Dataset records
--------------------------------------------------

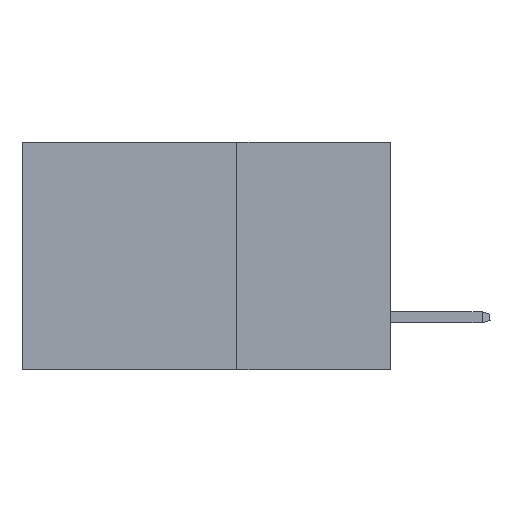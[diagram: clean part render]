
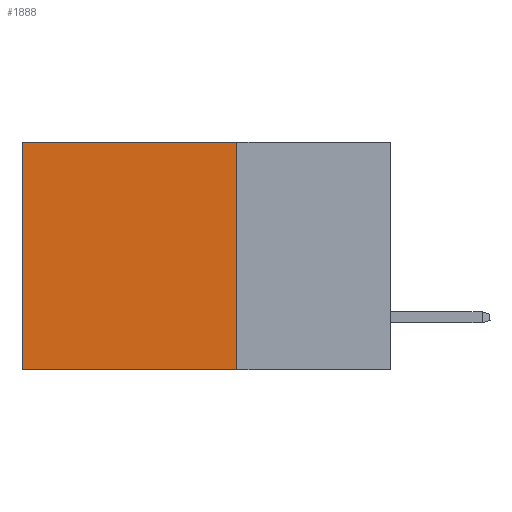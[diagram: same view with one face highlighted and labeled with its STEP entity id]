
A CAD part, left-side view. The second image highlights one B-rep face of the part: STEP entity #1888.
In plain terms, the highlighted planar face has unit normal (-1, 0, 0).
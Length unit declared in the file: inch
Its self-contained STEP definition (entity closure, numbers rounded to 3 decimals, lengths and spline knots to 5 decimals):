
#455 = AXIS2_PLACEMENT_3D ( 'NONE', #5007, #3144, #3182 ) ;
#1034 = CARTESIAN_POINT ( 'NONE',  ( 0.2875, 0.6, 0. ) ) ;
#1888 = ADVANCED_FACE ( 'NONE', ( #14214 ), #11663, .F. ) ;
#2781 = EDGE_CURVE ( 'NONE', #5648, #7500, #7068, .T. ) ;
#2992 = CARTESIAN_POINT ( 'NONE',  ( 0.2875, 0.25, 0. ) ) ;
#3144 = DIRECTION ( 'NONE',  ( 1., 0., 0. ) ) ;
#3182 = DIRECTION ( 'NONE',  ( 0., 0., -1. ) ) ;
#4611 = ORIENTED_EDGE ( 'NONE', *, *, #10588, .T. ) ;
#4626 = ORIENTED_EDGE ( 'NONE', *, *, #11528, .F. ) ;
#5007 = CARTESIAN_POINT ( 'NONE',  ( 0.2875, 0.25, 0. ) ) ;
#5474 = CARTESIAN_POINT ( 'NONE',  ( 0.2875, 0.6, 0. ) ) ;
#5519 = VERTEX_POINT ( 'NONE', #14200 ) ;
#5648 = VERTEX_POINT ( 'NONE', #5474 ) ;
#6399 = DIRECTION ( 'NONE',  ( 0., 0., -1. ) ) ;
#6834 = DIRECTION ( 'NONE',  ( 0., 1., 0. ) ) ;
#7051 = CARTESIAN_POINT ( 'NONE',  ( 0.2875, 0.6, -0.37 ) ) ;
#7068 = LINE ( 'NONE', #1034, #12141 ) ;
#7500 = VERTEX_POINT ( 'NONE', #7051 ) ;
#8154 = ORIENTED_EDGE ( 'NONE', *, *, #2781, .T. ) ;
#8227 = ORIENTED_EDGE ( 'NONE', *, *, #10925, .F. ) ;
#8770 = DIRECTION ( 'NONE',  ( 0., 0., -1. ) ) ;
#9671 = VECTOR ( 'NONE', #6834, 39.37008 ) ;
#9850 = VECTOR ( 'NONE', #12996, 39.37008 ) ;
#10376 = LINE ( 'NONE', #13391, #9671 ) ;
#10588 = EDGE_CURVE ( 'NONE', #5519, #5648, #10376, .T. ) ;
#10925 = EDGE_CURVE ( 'NONE', #13233, #7500, #12640, .T. ) ;
#11397 = LINE ( 'NONE', #2992, #14359 ) ;
#11485 = EDGE_LOOP ( 'NONE', ( #8154, #8227, #4626, #4611 ) ) ;
#11528 = EDGE_CURVE ( 'NONE', #5519, #13233, #11397, .T. ) ;
#11663 = PLANE ( 'NONE',  #455 ) ;
#12141 = VECTOR ( 'NONE', #8770, 39.37008 ) ;
#12640 = LINE ( 'NONE', #14013, #9850 ) ;
#12996 = DIRECTION ( 'NONE',  ( 0., 1., 0. ) ) ;
#13138 = CARTESIAN_POINT ( 'NONE',  ( 0.2875, 0.25, -0.37 ) ) ;
#13233 = VERTEX_POINT ( 'NONE', #13138 ) ;
#13391 = CARTESIAN_POINT ( 'NONE',  ( 0.2875, 0.25, 0. ) ) ;
#14013 = CARTESIAN_POINT ( 'NONE',  ( 0.2875, 0.25, -0.37 ) ) ;
#14200 = CARTESIAN_POINT ( 'NONE',  ( 0.2875, 0.25, 0. ) ) ;
#14214 = FACE_OUTER_BOUND ( 'NONE', #11485, .T. ) ;
#14359 = VECTOR ( 'NONE', #6399, 39.37008 ) ;

--------------------------------------------------

— YOUR GOAL —
Out of the data above, give again only the lines starting at the one holding "#5474 = CARTESIAN_POINT" and ending at the one holding "#10588 = EDGE_CURVE", unchanged.

— RESULT OF THE TASK —
#5474 = CARTESIAN_POINT ( 'NONE',  ( 0.2875, 0.6, 0. ) ) ;
#5519 = VERTEX_POINT ( 'NONE', #14200 ) ;
#5648 = VERTEX_POINT ( 'NONE', #5474 ) ;
#6399 = DIRECTION ( 'NONE',  ( 0., 0., -1. ) ) ;
#6834 = DIRECTION ( 'NONE',  ( 0., 1., 0. ) ) ;
#7051 = CARTESIAN_POINT ( 'NONE',  ( 0.2875, 0.6, -0.37 ) ) ;
#7068 = LINE ( 'NONE', #1034, #12141 ) ;
#7500 = VERTEX_POINT ( 'NONE', #7051 ) ;
#8154 = ORIENTED_EDGE ( 'NONE', *, *, #2781, .T. ) ;
#8227 = ORIENTED_EDGE ( 'NONE', *, *, #10925, .F. ) ;
#8770 = DIRECTION ( 'NONE',  ( 0., 0., -1. ) ) ;
#9671 = VECTOR ( 'NONE', #6834, 39.37008 ) ;
#9850 = VECTOR ( 'NONE', #12996, 39.37008 ) ;
#10376 = LINE ( 'NONE', #13391, #9671 ) ;
#10588 = EDGE_CURVE ( 'NONE', #5519, #5648, #10376, .T. ) ;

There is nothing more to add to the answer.